Vorbeugen statt behandeln

Gesundheitszentren als Orte des Umdenkens im Gesundheitswesen

Nicht nur Bakterien und Viren machen krank, sondern auch die sozialen Verhältnisse, in denen wir leben. Um hier etwas zu ändern, will das »Gesundheitskollektiv Berlin« ein »Kiez-Gesundheits-Zentrum« in Neukölln gründen. Der Standort soll auf dem Gelände der ehemaligen Kindl-Brauerei im Rollbergviertel errichtet werden.

Armut macht Krank
Armut macht krank.                                                                                                                                              Foto fh:

Auf einer ersten öffentlichen Veranstaltung am 26. April in der Rütli-Schule haben die Initiatoren ihre Ideen und Ansprüche vorgestellt.
»Neukölln hat das Image eines Stadtteils in Aufwertung. Vergessen wird dabei aber, dass der Norden zu den ärmsten Bezirken der Stadt gehört mit Kinderarmut und hohen Zahlen von Transferleistungsempfängern«, beschrieb Henrik Lebuhn, Stadtsoziologe an der HU Berlin, die Situation im Bezirk. Steigende Mieten vereinnahmen einen immer höheren Anteil des Einkommens. Umziehen geht nicht, weil preiswerte Wohnungen fehlen. Die Rettung ist dann häufig eine Überbelegung der Wohnung. Solche prekären Lebensumstände aber machen krank.

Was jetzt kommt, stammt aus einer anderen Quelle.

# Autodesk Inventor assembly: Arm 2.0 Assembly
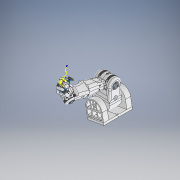
[picture p0: Inventor's stored thumbnail of the model, 180x180]
Saved by Autodesk Inventor 2017 SP1 (Build 210196100, 196)
## iProperties
Created: 2017-09-28
Part Number: Arm 2.0 Assembly
Document SubType Name: Assembly
Designer: Zach
Author: Zach
## Documents named in this file (39)
- C:\Users\Zach\Documents\GitHub\tr1\src\Body\Arm 2.0 Assembly\Arm 2.0 Assembly.iam
- C:\Users\Zach\Documents\GitHub\tr1\src\Body\Arm 2.0 Assembly\AA001.ipt
- C:\Users\Zach\Documents\GitHub\tr1\src\Body\Arm 2.0 Assembly\Steel Rod 8mm x 135mm.ipt
- C:\Users\Zach\Documents\GitHub\tr1\lib\22x8x8mm Bearing.ipt
- C:\Users\Zach\Documents\GitHub\tr1\src\Body\Arm 2.0 Assembly\AA002.ipt
- C:\Users\Zach\Documents\GitHub\tr1\src\Body\Arm 2.0 Assembly\AA003.ipt
- C:\Users\Zach\Documents\GitHub\tr1\src\Body\Arm 2.0 Assembly\AA004.ipt
- C:\Users\Zach\Documents\GitHub\tr1\src\Body\Arm 2.0 Assembly\AA005.ipt
- C:\Users\Zach\Documents\GitHub\tr1\src\Body\Arm 2.0 Assembly\AA006.ipt
- C:\Users\Zach\Documents\GitHub\tr1\src\Body\Arm 2.0 Assembly\AA007.ipt
- C:\Users\Zach\Documents\GitHub\tr1\lib\QS12MM250\QS12MM250.ipt
- C:\Users\Zach\Documents\GitHub\tr1\src\Body\Arm 2.0 Assembly\AA008.ipt
- C:\Users\Zach\Documents\GitHub\tr1\src\Body\Arm 2.0 Assembly\AA009.ipt
- C:\Users\Zach\Documents\GitHub\tr1\lib\13x4x5mm Bearing.ipt
- C:\Users\Zach\Documents\GitHub\tr1\src\Body\Arm 2.0 Assembly\AA010.ipt
- C:\Users\Zach\Documents\GitHub\tr1\src\Body\Arm 2.0 Assembly\AA011.ipt
- C:\Users\Zach\Documents\GitHub\tr1\src\Body\Arm 2.0 Assembly\AA012.ipt
- C:\Users\Zach\Documents\GitHub\tr1\src\Body\Arm 2.0 Assembly\Steel Rod 8mm x 100mm.ipt
- C:\Users\Zach\Documents\GitHub\tr1\src\Body\Arm 2.0 Assembly\AA013.ipt
- C:\Users\Zach\Documents\GitHub\tr1\src\Body\Arm 2.0 Assembly\AA014.ipt
- C:\Users\Zach\Documents\GitHub\tr1\src\Body\Arm 2.0 Assembly\AA015.ipt
- C:\Users\Zach\Documents\GitHub\tr1\src\Body\Arm 2.0 Assembly\AA016.ipt
- C:\Users\Zach\Documents\GitHub\tr1\src\Body\Arm 2.0 Assembly\AA017.ipt
- C:\Users\Zach\Documents\Inventor\Content Center Files\R2017\en-US\ISO 4762(2)\ISO 4762 - M4 x 20ISO.ipt
- C:\Users\Zach\Documents\Inventor\Content Center Files\R2017\en-US\ISO 4035(2)\ISO 4035 - M4 - ISO.ipt
- C:\Users\Zach\Documents\GitHub\tr1\lib\12V DC Motor 378-1.ipt
- C:\Users\Zach\Documents\GitHub\tr1\src\Body\Arm 2.0 Assembly\AA018.ipt
- C:\Users\Zach\Documents\Inventor\Content Center Files\R2017\en-US\ISO 4016\ISO 4016 - M5 x 25.ipt
- C:\Users\Zach\Documents\Inventor\Content Center Files\R2017\en-US\ISO 4017(1)\ISO 4017 - M5 x 12 - ISO.ipt
- C:\Users\Zach\Documents\Inventor\Content Center Files\R2017\en-US\ISO 4017(1)\ISO 4017 - M5 x 20 - ISO.ipt
- C:\Users\Zach\Documents\GitHub\tr1\src\Body\Arm 2.0 Assembly\AA019.ipt
- C:\Users\Zach\Documents\GitHub\tr1\src\Body\Arm 2.0 Assembly\AA020.ipt
- C:\Users\Zach\Documents\GitHub\tr1\src\Body\Arm 2.0 Assembly\AA021.ipt
- C:\Users\Zach\Documents\GitHub\tr1\src\Body\Arm 2.0 Assembly\AA022.ipt
- C:\Users\Zach\Documents\GitHub\tr1\src\Body\Arm 2.0 Assembly\Steel Rod 8mm x 80mm.ipt
- C:\Users\Zach\Documents\GitHub\tr1\src\Body\Arm 2.0 Assembly\AA023.ipt
- C:\Users\Zach\Documents\GitHub\BCN3D-Moveo\Autodesk Inventor files\Gripper B Assembly.iam
- C:\Users\Zach\Documents\GitHub\tr1\src\Body\Arm 2.0 Assembly\AA024.ipt
- C:\Users\Zach\Documents\GitHub\tr1\lib\Gearbox 8;1\Gearbox 8;1.iam
## Components (88 placed, 38 different names)
1. AA001:1 — Mate:1, Mate:3, Flush:1, Flush:2, Mate:7, Mate:9, Mate:10, Mate:11, Mate:58, Mate:59, Mate:60, Mate:61, Mate:62, Mate:63, Mate:82, Mate:83, Mate:84, Mate:101, Mate:102, Mate:104, Mate:105, Mate:138, Mate:139, Mate:140, Mate:141
2. AA002:2 — Flush:4, Mate:5, Mate:8, Mate:14, Mate:28, Mate:29, Mate:34
3. AA003:1 — Flush:4, Mate:5, Mate:6, Mate:7, Mate:8, Mate:27, Mate:32
4. AA004:1 — Mate:9, Mate:10, Mate:11, Mate:12, Mate:13, Mate:15, Mate:23, Mate:26
5. AA005:1 — Mate:26, Mate:99, Mate:100, Mate:103
6. AA006:1 — Mate:24, Mate:25, Mate:96, Mate:97, Mate:98
7. AA007:1 — Mate:19, Mate:20, Mate:99, Mate:100, Mate:103
8. AA007:2 — Mate:19, Mate:20, Mate:96, Mate:97, Mate:98
9. AA008:1 — Mate:27, Mate:28, Mate:29, Mate:30, Mate:31, Mate:33, Mate:35, Mate:36, Mate:39, Mate:41, Mate:43, Mate:46, Mate:47, Mate:131, Mate:132, Mate:135, Mate:137, Flush:11, Mate:167, Mate:213
10. AA008:2 — Mate:32, Mate:33, Mate:34, Mate:37, Mate:38, Mate:40, Mate:42, Mate:44, Mate:45, Mate:48, Mate:76, Mate:130, Mate:133, Mate:134, Mate:136, Flush:12, Mate:168, Mate:212, Mate:218, Mate:219, Mate:220
11. AA009:1 — Mate:30, Mate:31
12. AA010:1 — Mate:47, Mate:48, Mate:52, Mate:53, Mate:55, Flush:6, Mate:56, Flush:7, Flush:8, Mate:64, Mate:65, Mate:66, Mate:67, Mate:68, Mate:69, Mate:107, Mate:108, Mate:109, Mate:214
13. AA011:1 — Mate:49, Mate:50, Mate:51, Flush:9, Mate:79, Mate:81, Mate:113, Mate:114
14. AA012:1 — Mate:49, Mate:50, Mate:51, Mate:52, Mate:53, Flush:9, Mate:80, Mate:110, Mate:112, Mate:115
15. AA013:1 — Mate:58, Mate:59, Mate:60, Mate:148, Mate:149, Mate:150, Mate:151, Mate:152, Mate:153
16. AA013:2 — Mate:61, Mate:62, Mate:63, Mate:142, Mate:143, Mate:144, Mate:145, Mate:146, Mate:147
17. AA014:1 — Mate:64, Mate:65, Mate:66, Mate:160, Mate:161, Mate:162, Mate:163, Mate:164, Mate:165
18. AA014:2 — Mate:67, Mate:68, Mate:69, Mate:154, Mate:155, Mate:156, Mate:157, Mate:158, Mate:159
19. AA015:1 — Mate:166, Flush:11, Mate:167
20. AA015:2 — Mate:76, Flush:12, Mate:168
21. AA016:1 — Mate:79, Mate:80, Mate:81, Flush:10, Mate:111, Mate:112, Mate:113, Mate:116, Mate:124, Mate:125, Mate:127, Mate:129, Flush:14, Mate:170, Mate:215, Mate:216, Mate:217
22. AA016:2 — Flush:10, Mate:110, Mate:111, Mate:114, Mate:115, Mate:119, Mate:122, Mate:123, Mate:126, Mate:128, Flush:13, Mate:169, Mate:180, Mate:181
23. AA017:1 — Mate:82, Mate:83, Mate:84, Mate:85, Mate:86, Mate:91, Mate:92, Mate:95
24. AA018:1 — Mate:116, Flush:14, Mate:170
25. AA018:2 — Mate:119, Flush:13, Mate:169
26. AA019:1 — Mate:174, Mate:175, Mate:176, Mate:177, Mate:178, Mate:179, Mate:182, Mate:183, Mate:184, Mate:185, Flush:15, Flush:16, Flush:17, Mate:188, Mate:189, Mate:190, Mate:191, Mate:192, Mate:193
27. AA020:1 — Mate:171, Mate:172, Mate:173, Mate:175, Mate:194, Mate:196
28. AA021:1 — Mate:171, Mate:172, Mate:173, Mate:174, Mate:195
29. AA022:1 — Mate:176, Mate:177, Mate:181, Mate:200, Flush:18, Mate:203, Mate:204, Mate:206, Mate:209, Mate:210
30. AA022:2 — Mate:178, Mate:179, Mate:180, Flush:19, Mate:201, Mate:202, Mate:205, Mate:207, Mate:208, Mate:211
31. AA023:1 — Mate:188, Mate:189, Mate:193
32. AA023:2 — Mate:190, Mate:191, Mate:192
33. AA024:1 — Mate:200, Flush:18, Mate:203
34. AA024:2 — Flush:19, Mate:201, Mate:202
35. Gearbox 8;1:1 [sub-assembly] — Mate:212, Mate:213, Mate:214
36. Gripper B Assembly:1 [sub-assembly] — Mate:194, Mate:195, Mate:196
37. 13x4x5mm Bearing:1 — Mate:35, Mate:36
38. 13x4x5mm Bearing:2 — Mate:37, Mate:38
39. 13x4x5mm Bearing:3 — Mate:40, Mate:44
40. 13x4x5mm Bearing:4 — Mate:39, Mate:43
41. 13x4x5mm Bearing:5 — Mate:42, Mate:45
42. 13x4x5mm Bearing:6 — Mate:41, Mate:46
43. 13x4x5mm Bearing:7 — Mate:85, Mate:86, Mate:87, Mate:88, Mate:94
44. 13x4x5mm Bearing:8 — Mate:89, Mate:90
45. 13x4x5mm Bearing:9 — Mate:87, Mate:88, Mate:89, Mate:90
46. 22x8x8mm Bearing:1 — Mate:3, Flush:1, Flush:3
47. 22x8x8mm Bearing:2 — Flush:2, Mate:105
48. 22x8x8mm Bearing:3 — Mate:55, Flush:6, Mate:57
49. 22x8x8mm Bearing:4 — Mate:56, Flush:7
50. 22x8x8mm Bearing:5 — Mate:186, Flush:16
51. 22x8x8mm Bearing:6 — Mate:187, Flush:17
52. QS12MM250:1 — Mate:23, Mate:24, Mate:25
53. Steel Rod 8mm x 135mm:1 — Mate:1, Flush:3, Mate:6
54. Steel Rod 8mm x 100mm:1 — Mate:57, Flush:8
55. Steel Rod 8mm x 80mm:1 — Mate:185, Flush:15, Mate:186, Mate:187
56. 12V DC Motor 378-1:1 — Mate:101, Mate:102, Mate:104
57. 12V DC Motor 378-1:2 — Mate:107, Mate:108, Mate:109
58. 12V DC Motor 378-1:3 — Mate:182, Mate:183, Mate:184
59. 12V DC Motor 378-1:4 — Mate:215, Mate:216, Mate:217
60. 12V DC Motor 378-1:5 — Mate:218, Mate:219, Mate:220
61. ISO 4762 M4 x 20:1 — Mate:91, Mate:92, Mate:93
62. ISO 4035 M4:1 — Mate:93, Mate:94, Mate:95
63. ISO 4016 M5 x 25:1 — Mate:122, Mate:123
64. ISO 4016 M5 x 25:2 — Mate:124, Mate:125
65. ISO 4016 M5 x 25:3 — Mate:127, Mate:129
66. ISO 4016 M5 x 25:4 — Mate:126, Mate:128
67. ISO 4016 M5 x 25:5 — Mate:130, Mate:133
68. ISO 4016 M5 x 25:6 — Mate:131, Mate:132
69. ISO 4016 M5 x 25:7 — Mate:134, Mate:136
70. ISO 4016 M5 x 25:8 — Mate:135, Mate:137, Mate:166
71. ISO 4016 M5 x 25:9 — Mate:138, Mate:139
72. ISO 4016 M5 x 25:10 — Mate:140, Mate:141
73. ISO 4016 M5 x 25:11 — Mate:204, Mate:206
74. ISO 4016 M5 x 25:12 — Mate:205, Mate:207
75. ISO 4017 M5 x 20:1 — Mate:146, Mate:147
76. ISO 4017 M5 x 20:2 — Mate:144, Mate:145
77. ISO 4017 M5 x 20:3 — Mate:142, Mate:143
78. ISO 4017 M5 x 20:4 — Mate:148, Mate:149
79. ISO 4017 M5 x 20:5 — Mate:152, Mate:153
80. ISO 4017 M5 x 20:6 — Mate:150, Mate:151
81. ISO 4017 M5 x 12:1 — Mate:154, Mate:155
82. ISO 4017 M5 x 12:2 — Mate:156, Mate:158
83. ISO 4017 M5 x 12:3 — Mate:157, Mate:159
84. ISO 4017 M5 x 12:4 — Mate:160, Mate:161
85. ISO 4017 M5 x 12:5 — Mate:162, Mate:163
86. ISO 4017 M5 x 12:6 — Mate:164, Mate:165
87. ISO 4016 M5 x 25:13 — Mate:209, Mate:210
88. ISO 4016 M5 x 25:14 — Mate:208, Mate:211
## Relationships (214: Mate 196, Flush 18)
- Mate:1: AA001:1 ↔ Steel Rod 8mm x 135mm:1
- Mate:3: AA001:1 ↔ 22x8x8mm Bearing:1
- Flush:1: AA001:1 ↔ 22x8x8mm Bearing:1
- Flush:2: AA001:1 ↔ 22x8x8mm Bearing:2
- Flush:3 (-2.5 mm): 22x8x8mm Bearing:1 ↔ Steel Rod 8mm x 135mm:1
- Flush:4: AA002:2 ↔ AA003:1
- Mate:5: AA002:2 ↔ AA003:1
- Mate:6: AA003:1 ↔ Steel Rod 8mm x 135mm:1
- Mate:7 (0.75 mm): AA001:1 ↔ AA003:1
- Mate:8: AA002:2 ↔ AA003:1
- Mate:9: AA001:1 ↔ AA004:1
- Mate:10: AA001:1 ↔ AA004:1
- Mate:11: AA001:1 ↔ AA004:1
- Mate:12: AA004:1
- Mate:13: AA004:1
- Mate:14: AA002:2
- Mate:15: AA004:1
- Mate:19: AA007:1 ↔ AA007:2
- Mate:20: AA007:1 ↔ AA007:2
- Mate:23: AA004:1 ↔ QS12MM250:1
- Mate:24: AA006:1 ↔ QS12MM250:1
- Mate:25: AA006:1 ↔ QS12MM250:1
- Mate:26 (30 mm): AA004:1 ↔ AA005:1
- Mate:27: AA003:1 ↔ AA008:1
- Mate:28: AA002:2 ↔ AA008:1
- Mate:29: AA002:2 ↔ AA008:1
- Mate:30: AA008:1 ↔ AA009:1
- Mate:31: AA008:1 ↔ AA009:1
- Mate:32: AA003:1 ↔ AA008:2
- Mate:33: AA008:1 ↔ AA008:2
- Mate:34: AA002:2 ↔ AA008:2
- Mate:35: AA008:1 ↔ 13x4x5mm Bearing:1
- Mate:36: AA008:1 ↔ 13x4x5mm Bearing:1
- Mate:37: AA008:2 ↔ 13x4x5mm Bearing:2
- Mate:38: AA008:2 ↔ 13x4x5mm Bearing:2
- Mate:39: AA008:1 ↔ 13x4x5mm Bearing:4
- Mate:40: AA008:2 ↔ 13x4x5mm Bearing:3
- Mate:41: AA008:1 ↔ 13x4x5mm Bearing:6
- Mate:42: AA008:2 ↔ 13x4x5mm Bearing:5
- Mate:43: AA008:1 ↔ 13x4x5mm Bearing:4
- Mate:44: AA008:2 ↔ 13x4x5mm Bearing:3
- Mate:45: AA008:2 ↔ 13x4x5mm Bearing:5
- Mate:46: AA008:1 ↔ 13x4x5mm Bearing:6
- Mate:47: AA008:1 ↔ AA010:1
- Mate:48 (2.5 mm): AA008:2 ↔ AA010:1
- Mate:49: AA011:1 ↔ AA012:1
- Mate:50: AA011:1 ↔ AA012:1
- Mate:51: AA011:1 ↔ AA012:1
- Mate:52: AA010:1 ↔ AA012:1
- Mate:53 (1.75 mm): AA010:1 ↔ AA012:1
- Mate:55: AA010:1 ↔ 22x8x8mm Bearing:3
- Flush:6: AA010:1 ↔ 22x8x8mm Bearing:3
- Mate:56: AA010:1 ↔ 22x8x8mm Bearing:4
- Flush:7: AA010:1 ↔ 22x8x8mm Bearing:4
- Mate:57: 22x8x8mm Bearing:3 ↔ Steel Rod 8mm x 100mm:1
- Flush:8 (2.5 mm): AA010:1 ↔ Steel Rod 8mm x 100mm:1
- Mate:58: AA001:1 ↔ AA013:1
- Mate:59: AA001:1 ↔ AA013:1
- Mate:60: AA001:1 ↔ AA013:1
- Mate:61: AA001:1 ↔ AA013:2
- Mate:62: AA001:1 ↔ AA013:2
- Mate:63: AA001:1 ↔ AA013:2
- Mate:64: AA010:1 ↔ AA014:1
- Mate:65: AA010:1 ↔ AA014:1
- Mate:66: AA010:1 ↔ AA014:1
- Mate:67: AA010:1 ↔ AA014:2
- Mate:68: AA010:1 ↔ AA014:2
- Mate:69: AA010:1 ↔ AA014:2
- Mate:76: AA008:2 ↔ AA015:2
- Flush:9: AA011:1 ↔ AA012:1
- Mate:79: AA011:1 ↔ AA016:1
- Mate:80: AA012:1 ↔ AA016:1
- Mate:81: AA011:1 ↔ AA016:1
- Mate:82: AA001:1 ↔ AA017:1
- Mate:83: AA001:1 ↔ AA017:1
- Mate:84: AA001:1 ↔ AA017:1
- Mate:85: AA017:1 ↔ 13x4x5mm Bearing:7
- Mate:86 (0.5 mm): AA017:1 ↔ 13x4x5mm Bearing:7
- Mate:87: 13x4x5mm Bearing:7 ↔ 13x4x5mm Bearing:9
- Mate:88: 13x4x5mm Bearing:7 ↔ 13x4x5mm Bearing:9
- Mate:89: 13x4x5mm Bearing:8 ↔ 13x4x5mm Bearing:9
- Mate:90: 13x4x5mm Bearing:8 ↔ 13x4x5mm Bearing:9
- Mate:91: AA017:1 ↔ ISO 4762 M4 x 20:1
- Mate:92: AA017:1 ↔ ISO 4762 M4 x 20:1
- Mate:93: ISO 4762 M4 x 20:1 ↔ ISO 4035 M4:1
- Mate:94: 13x4x5mm Bearing:7 ↔ ISO 4035 M4:1
- Mate:95: AA017:1 ↔ ISO 4035 M4:1
- Mate:96: AA006:1 ↔ AA007:2
- Mate:97: AA006:1 ↔ AA007:2
- Mate:98: AA006:1 ↔ AA007:2
- Mate:99: AA005:1 ↔ AA007:1
- Mate:100: AA005:1 ↔ AA007:1
- Mate:101: AA001:1 ↔ 12V DC Motor 378-1:1
- Mate:102: AA001:1 ↔ 12V DC Motor 378-1:1
- Mate:103: AA005:1 ↔ AA007:1
- Mate:104: AA001:1 ↔ 12V DC Motor 378-1:1
- Mate:105: AA001:1 ↔ 22x8x8mm Bearing:2
- Mate:107: AA010:1 ↔ 12V DC Motor 378-1:2
- Mate:108: AA010:1 ↔ 12V DC Motor 378-1:2
- Mate:109: AA010:1 ↔ 12V DC Motor 378-1:2
- Flush:10: AA016:1 ↔ AA016:2
- Mate:110: AA012:1 ↔ AA016:2
- Mate:111: AA016:1 ↔ AA016:2
- Mate:112: AA012:1 ↔ AA016:1
- Mate:113: AA011:1 ↔ AA016:1
- Mate:114: AA011:1 ↔ AA016:2
- Mate:115: AA012:1 ↔ AA016:2
- Mate:116: AA016:1 ↔ AA018:1
- Mate:119: AA016:2 ↔ AA018:2
- Mate:122: AA016:2 ↔ ISO 4016 M5 x 25:1
- Mate:123: AA016:2 ↔ ISO 4016 M5 x 25:1
- Mate:124: AA016:1 ↔ ISO 4016 M5 x 25:2
- Mate:125: AA016:1 ↔ ISO 4016 M5 x 25:2
- Mate:126: AA016:2 ↔ ISO 4016 M5 x 25:4
- Mate:127: AA016:1 ↔ ISO 4016 M5 x 25:3
- Mate:128: AA016:2 ↔ ISO 4016 M5 x 25:4
- Mate:129: AA016:1 ↔ ISO 4016 M5 x 25:3
- Mate:130: AA008:2 ↔ ISO 4016 M5 x 25:5
- Mate:131: AA008:1 ↔ ISO 4016 M5 x 25:6
- Mate:132: AA008:1 ↔ ISO 4016 M5 x 25:6
- Mate:133: AA008:2 ↔ ISO 4016 M5 x 25:5
- Mate:134: AA008:2 ↔ ISO 4016 M5 x 25:7
- Mate:135: AA008:1 ↔ ISO 4016 M5 x 25:8
- Mate:136: AA008:2 ↔ ISO 4016 M5 x 25:7
- Mate:137: AA008:1 ↔ ISO 4016 M5 x 25:8
- Mate:138: AA001:1 ↔ ISO 4016 M5 x 25:9
- Mate:139: AA001:1 ↔ ISO 4016 M5 x 25:9
- Mate:140: AA001:1 ↔ ISO 4016 M5 x 25:10
- Mate:141: AA001:1 ↔ ISO 4016 M5 x 25:10
- Mate:142: AA013:2 ↔ ISO 4017 M5 x 20:3
- Mate:143: AA013:2 ↔ ISO 4017 M5 x 20:3
- Mate:144: AA013:2 ↔ ISO 4017 M5 x 20:2
- Mate:145: AA013:2 ↔ ISO 4017 M5 x 20:2
- Mate:146: AA013:2 ↔ ISO 4017 M5 x 20:1
- Mate:147: AA013:2 ↔ ISO 4017 M5 x 20:1
- Mate:148: AA013:1 ↔ ISO 4017 M5 x 20:4
- Mate:149: AA013:1 ↔ ISO 4017 M5 x 20:4
- Mate:150: AA013:1 ↔ ISO 4017 M5 x 20:6
- Mate:151: AA013:1 ↔ ISO 4017 M5 x 20:6
- Mate:152: AA013:1 ↔ ISO 4017 M5 x 20:5
- Mate:153: AA013:1 ↔ ISO 4017 M5 x 20:5
- Mate:154: AA014:2 ↔ ISO 4017 M5 x 12:1
- Mate:155: AA014:2 ↔ ISO 4017 M5 x 12:1
- Mate:156: AA014:2 ↔ ISO 4017 M5 x 12:2
- Mate:157: AA014:2 ↔ ISO 4017 M5 x 12:3
- Mate:158: AA014:2 ↔ ISO 4017 M5 x 12:2
- Mate:159: AA014:2 ↔ ISO 4017 M5 x 12:3
- Mate:160: AA014:1 ↔ ISO 4017 M5 x 12:4
- Mate:161: AA014:1 ↔ ISO 4017 M5 x 12:4
- Mate:162: AA014:1 ↔ ISO 4017 M5 x 12:5
- Mate:163: AA014:1 ↔ ISO 4017 M5 x 12:5
- Mate:164: AA014:1 ↔ ISO 4017 M5 x 12:6
- Mate:165: AA014:1 ↔ ISO 4017 M5 x 12:6
- Mate:166: AA015:1 ↔ ISO 4016 M5 x 25:8
- Flush:11: AA008:1 ↔ AA015:1
- Mate:167 (1 mm): AA008:1 ↔ AA015:1
- Flush:12: AA008:2 ↔ AA015:2
- Mate:168 (1 mm): AA008:2 ↔ AA015:2
- Flush:13: AA016:2 ↔ AA018:2
- Mate:169 (1 mm): AA016:2 ↔ AA018:2
- Flush:14: AA016:1 ↔ AA018:1
- Mate:170 (1 mm): AA016:1 ↔ AA018:1
- Mate:171: AA020:1 ↔ AA021:1
- Mate:172: AA020:1 ↔ AA021:1
- Mate:173: AA020:1 ↔ AA021:1
- Mate:174 (1 mm): AA019:1 ↔ AA021:1
- Mate:175: AA019:1 ↔ AA020:1
- Mate:176: AA019:1 ↔ AA022:1
- Mate:177: AA019:1 ↔ AA022:1
- Mate:178: AA019:1 ↔ AA022:2
- Mate:179: AA019:1 ↔ AA022:2
- Mate:180: AA016:2 ↔ AA022:2
- Mate:181 (2.5 mm): AA016:2 ↔ AA022:1
- Mate:182: AA019:1 ↔ 12V DC Motor 378-1:3
- Mate:183: AA019:1 ↔ 12V DC Motor 378-1:3
- Mate:184: AA019:1 ↔ 12V DC Motor 378-1:3
- Mate:185: AA019:1 ↔ Steel Rod 8mm x 80mm:1
- Flush:15: AA019:1 ↔ Steel Rod 8mm x 80mm:1
- Mate:186: 22x8x8mm Bearing:5 ↔ Steel Rod 8mm x 80mm:1
- Flush:16: AA019:1 ↔ 22x8x8mm Bearing:5
- Mate:187: 22x8x8mm Bearing:6 ↔ Steel Rod 8mm x 80mm:1
- Flush:17: AA019:1 ↔ 22x8x8mm Bearing:6
- Mate:188: AA019:1 ↔ AA023:1
- Mate:189: AA019:1 ↔ AA023:1
- Mate:190: AA019:1 ↔ AA023:2
- Mate:191: AA019:1 ↔ AA023:2
- Mate:192: AA019:1 ↔ AA023:2
- Mate:193: AA019:1 ↔ AA023:1
- Mate:194: AA020:1 ↔ Gripper B Assembly:1
- Mate:195: AA021:1 ↔ Gripper B Assembly:1
- Mate:196: AA020:1 ↔ Gripper B Assembly:1
- Mate:200: AA022:1 ↔ AA024:1
- Flush:18: AA022:1 ↔ AA024:1
- Flush:19: AA022:2 ↔ AA024:2
- Mate:201: AA022:2 ↔ AA024:2
- Mate:202 (1 mm): AA022:2 ↔ AA024:2
- Mate:203 (1 mm): AA022:1 ↔ AA024:1
- Mate:204: AA022:1 ↔ ISO 4016 M5 x 25:11
- Mate:205: AA022:2 ↔ ISO 4016 M5 x 25:12
- Mate:206: AA022:1 ↔ ISO 4016 M5 x 25:11
- Mate:207: AA022:2 ↔ ISO 4016 M5 x 25:12
- Mate:208: AA022:2 ↔ ISO 4016 M5 x 25:14
- Mate:209: AA022:1 ↔ ISO 4016 M5 x 25:13
- Mate:210: AA022:1 ↔ ISO 4016 M5 x 25:13
- Mate:211: AA022:2 ↔ ISO 4016 M5 x 25:14
- Mate:212: AA008:2 ↔ Gearbox 8;1:1
- Mate:213: AA008:1 ↔ Gearbox 8;1:1
- Mate:214: AA010:1 ↔ Gearbox 8;1:1
- Mate:215: AA016:1 ↔ 12V DC Motor 378-1:4
- Mate:216: AA016:1 ↔ 12V DC Motor 378-1:4
- Mate:217: AA016:1 ↔ 12V DC Motor 378-1:4
- Mate:218: AA008:2 ↔ 12V DC Motor 378-1:5
- Mate:219: AA008:2 ↔ 12V DC Motor 378-1:5
- Mate:220: AA008:2 ↔ 12V DC Motor 378-1:5

Hinzu komme, sagte er, dass besonders Menschen aus den ärmeren Bevölkerungsschichten gar nicht wissen, wie sie eine bessere Gesundheitsversorgung erhalten können. Das habe zur Folge, dass in Deutschland ein Unterschied in der Lebenserwartung zwischen den reichsten und den ärmsten Bevölkerungsgruppen von etwa zehn Jahren bestehe.Hier will das Gesundheitskollektiv einhaken und gezielt benachtei­ligte Stadtteile unterstützen.
Dabei soll es nicht ausschließlich darum gehen, eine sehr gute medizinische Versorgung im Krankheitsfall anzubieten, die allen Menschen gleichermaßen zugänglich ist – unabhängig davon, ob sie privat, gesetzlich oder auch gar nicht versichert sind. Vorbeugung vor Krankheiten spielt eine ebenso wichtige Rolle. Ein Aspekt, der nach Meinung des Kollektivs in der herkömmlichen Medizin vernachläs­sigt wird. Da der Arzt als Unternehmer agiert, der sich jeden Handschlag bezahlen lässt, kann er naturgemäß an Prävention kein Interesse haben. Ein wichtiges Anliegen ist es ebenfalls, die Menschen im Stadtteil durch politische und soziale Arbeit zu unterstützen und damit langfristig die gesellschaftlichen Verhältnisse zu ändern. Das Zentrum soll ein selbstverständlicher Teil des Bezirks werden, zu dem die Menschen hingehen, um die Behandlungsangebote aufzusuchen, aber auch um Rechtsberatung zu erhalten oder um sich an politischen Projekten des Zentrums zu beteiligen.
Die rund 20 Mitglieder des Kollektivs kommen deshalb auch aus den verschiedensten sozialen und medizinischen Berufen. Anders als im hie­rarchisch strukturierten Gesundheitswesen haben sie den Anspruch, dass alle Berufsgruppen gleichberechtigt im Team entscheiden. Auch die Menschen aus dem Stadtteil sollen in die Entscheidungsprozesse einbezogen werden und das Projekt mitgestalten.
Allerdings steht der Schritt von der Theorie zur Praxis noch bevor. Noch sind viele offene Fragen zu klären, wozu diese Veranstaltung beitragen sollte.